Is there a more or less reliable way to tell whether data at some location in memory is a beginning of a processor instruction or some other data?
For example, E8 3F BD 6A 00
may be call
instruction (E8
) with relative offset of 0x6ABD3F
, or it might be three bytes of data belonging to some other instruction, followed by push 0
(6A 00
).
I know the question sounds silly and there is probably no simple way, but maybe instruction set was designed with this problem in mind and maybe some simple code examining +-100 bytes around the location can give an answer that is very likely correct.
I want to know this because I scan program's code and replace all calls to some function with calls to my replacement. It's working this far but it's not impossible that at some poin开发者_运维问答t, as I increase number of functions I'm replacing, some data will look exactly like a function call to that exact address, and will be replaced, and this will cause a program to break in a most unexpected fashion. I want to reduce the probability of that.
If it is your code (or another one which retaining linking and debug info), the best way is to scan symbol/relocation tables in object file. Otherwise there's no reliable way to determine if some byte is inctruction or data.
Possibly the most efficient method to qualify data is recursive disassembling. I. e. disassembling code from enty point and from all jump destinations found. But this is not completely reliable, because it does not traverse jump tables (you can try to use some heuristics for this, but this is not completely reliable too).
Solution for your problem would be patch function being replaced itself: overwrite its beginning with jump inctruction to your function.
Unfortunately, there is no 100% reliable way to distinguish code from data. From the CPU point of view, code is code only when some jump opcode induces the processor into trying to execute the bytes as if they were code. You could try to make a control flow analysis by beginning with the program entry point, and following all possible execution paths, but this may fail in the presence of pointers to function.
For your specific problem: I gather that you want to replace an existing function with a replacement of your own. I suggest that you patch the replaced function itself. I.e., instead of locating all calls to the foo()
function and replacing them with a call to bar()
, just replace the first bytes of foo()
with a jump to bar()
(a jmp
, not a call
: you do not want to mess with the stack). This is less satisfactory because of the double jump, but it is reliable.
It is impossible to distinguish data from instruction in general and this is because of von Neumann architecture . Analyzing the code around is helpful and disassembly tools do this. (This may be helpful. If you can't use IDA Pro /it is commercial/, use another disassembly tool.)
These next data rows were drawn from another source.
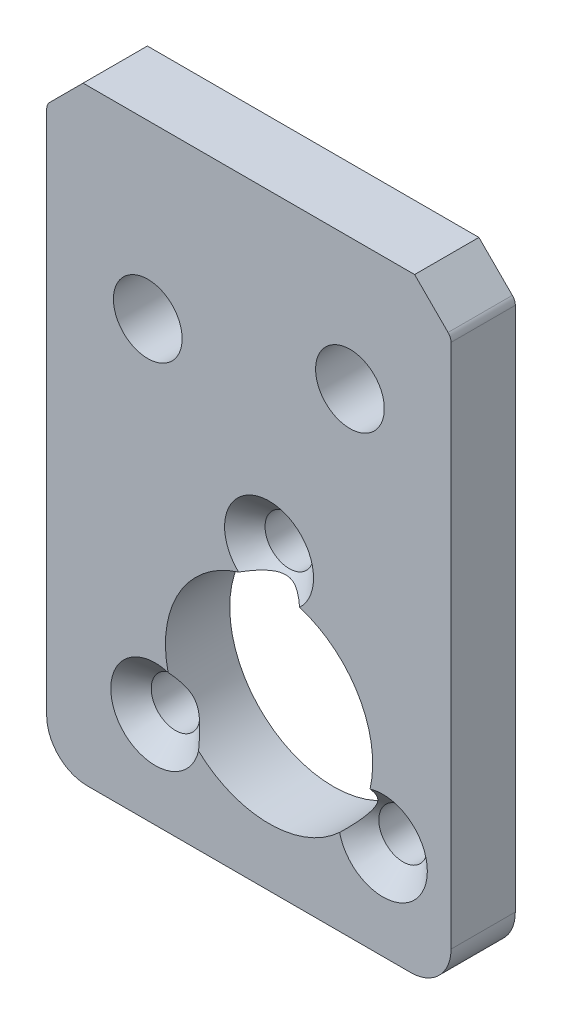
from build123d import *

# Parameters (mm, degrees)
SKETCH12_W                                      = 20
SKETCH12_H                                      = 30
SKETCH12_R                                      = 5.125
SKETCH12_R_2                                    = 1.7
BOSS_EXTRUDE3_DEPTH                             = 3.18
CSK_FOR_M2_FLAT_HEAD_MACHINE_SCREW2_D           = 2.4
CSK_FOR_M2_FLAT_HEAD_MACHINE_SCREW2_CSINK_D     = 4.4
CSK_FOR_M2_FLAT_HEAD_MACHINE_SCREW2_CSINK_ANGLE = 90
CHAMFER1_SIZE                                   = 1.8
FILLET3_R                                       = 0.5
FILLET4_R                                       = 2


with BuildPart() as part:
    # Sketch12 → Boss-Extrude3 (new body)
    with BuildSketch(Plane.XY):
        with Locations((-10, -15)):
            Rectangle(SKETCH12_W, SKETCH12_H)
        with Locations((-9, -22)):
            Circle(SKETCH12_R, mode=Mode.SUBTRACT)
        with Locations((-5, -6.5)):
            Circle(SKETCH12_R_2, mode=Mode.SUBTRACT)
        with Locations((-15, -8.5)):
            Circle(SKETCH12_R_2, mode=Mode.SUBTRACT)
    extrude(amount=BOSS_EXTRUDE3_DEPTH)

    # CSK for M2 Flat Head Machine Screw2 (through all)
    with Locations(Plane.XY.offset(3.18)):
        with Locations((-9, -15.5), (-14.629165125, -25.25), (-3.370834875, -25.25)):
            CounterSinkHole(CSK_FOR_M2_FLAT_HEAD_MACHINE_SCREW2_D / 2, CSK_FOR_M2_FLAT_HEAD_MACHINE_SCREW2_CSINK_D / 2, counter_sink_angle=CSK_FOR_M2_FLAT_HEAD_MACHINE_SCREW2_CSINK_ANGLE)

    # Chamfer1
    chamfer1_edges = [part.edges().sort_by_distance(p)[0] for p in [
        (-20, 0, 1.59),
        (0, 0, 1.59),
    ]]
    chamfer(chamfer1_edges, length=CHAMFER1_SIZE)

    # Fillet3
    fillet3_edges = [part.edges().sort_by_distance(p)[0] for p in [
        (-20, -1.8, 1.59),
        (0, -1.8, 1.59),
    ]]
    fillet(fillet3_edges, radius=FILLET3_R)

    # Fillet4
    fillet4_edges = [part.edges().sort_by_distance(p)[0] for p in [
        (-20, -30, 1.59),
        (0, -30, 1.59),
    ]]
    fillet(fillet4_edges, radius=FILLET4_R)


solid = part.part

Plain code have a very specific entropy, so it's quite easy to distinglish it from most data. However, it's a probabilistic approach, but a large enough buffer of plain code can be recognized (especially compiler output, when you can also recognize patterns, like beginning of a function).
Also, some opcodes are reserved for future, others are available only from kernel mode. In this case by knowing them and knowing how to compute the instruction lengths (you could try a routine written by Z0mbie for that), you can do it.
Thomas suggests the right idea. To implement it properly, you need to disassemble the first few instructions (the part you would overwrite with the JMP
) and generate a simple trampoline function that executes them then jumps to the rest of the original function.
There's libraries that do this for you. A well-known one is Detours but it has somewhat awkward licensing conditions. A nice implementation of the same idea with a more permissive license is Mhook.